Dunque un aneddoto, un racconto; ecco cosa dice il poeta sulla possibilità di raccontare anche in versi: “La poesia è nata come canzone e come racconto memorabile. La rima e il ritmo aiutavano a ricordare le storie che le poesie raccontavano e cantavano. Ancora oggi ci sono poeti privilegiati che cantano le loro poesie. La poesia ha molti usi e molti registri: epico, lirico, drammatico, ludico, narrativo… Credo che la vocazione della poesia è quella di essere voce che fa compagnia, che ci canta un lamento o un miracolo, che fa diventare la meraviglia e la paura musica.” (Intervista a Juan Vicente Piqueras, a cura di Anna Belozorovitch, cit.).
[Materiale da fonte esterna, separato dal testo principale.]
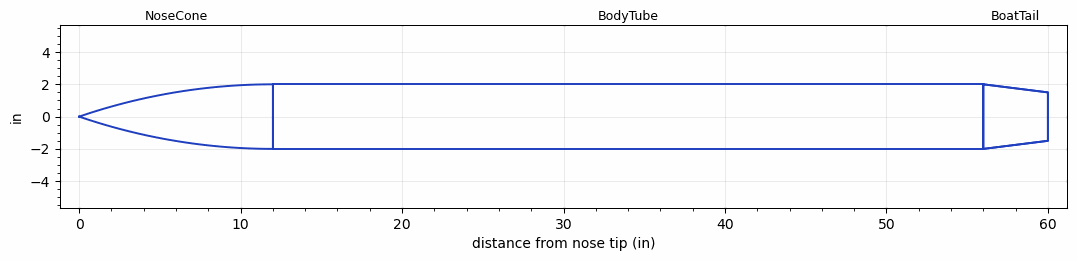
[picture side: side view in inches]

<RASAeroDocument>
 <FileVersion>2</FileVersion>
 <RocketDesign>
  <NoseCone>
   <Length>12</Length>
   <Diameter>4</Diameter>
   <Shape>Tangent Ogive</Shape>
   <Location>0</Location>
  </NoseCone>
  <BodyTube>
   <Length>44</Length>
   <Diameter>4</Diameter>
   <Location>12</Location>
   <BoattailLength>4</BoattailLength>
   <BoattailRearDiameter>3</BoattailRearDiameter>
  </BodyTube>
  <BoatTail>
   <Length>4</Length>
   <Diameter>4</Diameter>
   <RearDiameter>3</RearDiameter>
   <Location>56</Location>
  </BoatTail>
  <Surface>Smooth (Zero Roughness)</Surface>
  <ModifiedBarrowman>False</ModifiedBarrowman>
  <Turbulence>True</Turbulence>
  <UseBooster1>False</UseBooster1>
  <UseBooster2>False</UseBooster2>
  <Comments>Afterbody component study A-boattail</Comments>
 </RocketDesign>
 <LaunchSite>
  <Altitude>0</Altitude>
  <Pressure>29.9214</Pressure>
  <RodAngle>0</RodAngle>
  <RodLength>6.5617</RodLength>
  <Temperature>59</Temperature>
  <WindSpeed>0</WindSpeed>
 </LaunchSite>
 <Recovery>
  <Altitude1>656.168</Altitude1>
  <Altitude2>0</Altitude2>
  <DeviceType1>Parachute</DeviceType1>
  <DeviceType2>None</DeviceType2>
  <Event1>True</Event1>
  <Event2>False</Event2>
  <Size1>24</Size1>
  <Size2>0</Size2>
  <EventType1>Apogee</EventType1>
  <EventType2>None</EventType2>
  <CD1>0.8</CD1>
  <CD2>0</CD2>
 </Recovery>
</RASAeroDocument>

Come abbiamo già constatato la semplicità di Piqueras è del tutto apparente; ce lo conferma anche la Foschini: “Tutti i tranelli della lingua, le insidie piene di senso dell’analisi grammaticale diventano materia poetica, come gli avverbi di luogo, i cortocircuiti delle negazioni (Il figlio che no / poesia che è altro), i paradossi e gli ossimori che si spingono fino a costringere una parola a dire il suo esatto contrario.” (S. Foschini, cit. p. 5). Un’ulteriore conferma la troviamo in Mistrorigo: “Junto con “las velas de los verbos” (v. 13), sintagma formado por dos sinécdoques que ponen en relación el (viaje por) mar y el lenguaje, también la memoria es una de las herramientas que, en la segunda estrofa, el yo lírico define con el adjetivo “temidas”. Aquí estamos al comienzo de un viaje por mar que puede engendrar peligros para el tripulante. Las metáforas relacionadas con la esfera semántica del mar afectan también a la mesa que se vuelve nave —pero también “nido, madre” (v. 14)— y la tinta que “es sangre de animales marinos” (v. 17).” (A. Mistrorigo, cit., p. 119 – “Assieme a“las velas de los verbos” (v. 13), sintagma formato da due sineddochi che mettono in relazione il (viaggio per) mare e il linguaggio, anche la memoria è uno degli strumenti che, nella seconda strofa, l’io lirico definisce con l’aggettivo “temibili”. Qui siamo all’inizio di un viaggio per mare che può generare pericoli per il marinaio. Le metafore relazionate con la sfera semantica del mare riguardano anche il tavolo che si trasforma in nave – però anche “nido, madre” (v. 14) – e l’inchiostro che “è sangue di animali marini” (v. 17).” La traduzione dallo spagnolo è mia.)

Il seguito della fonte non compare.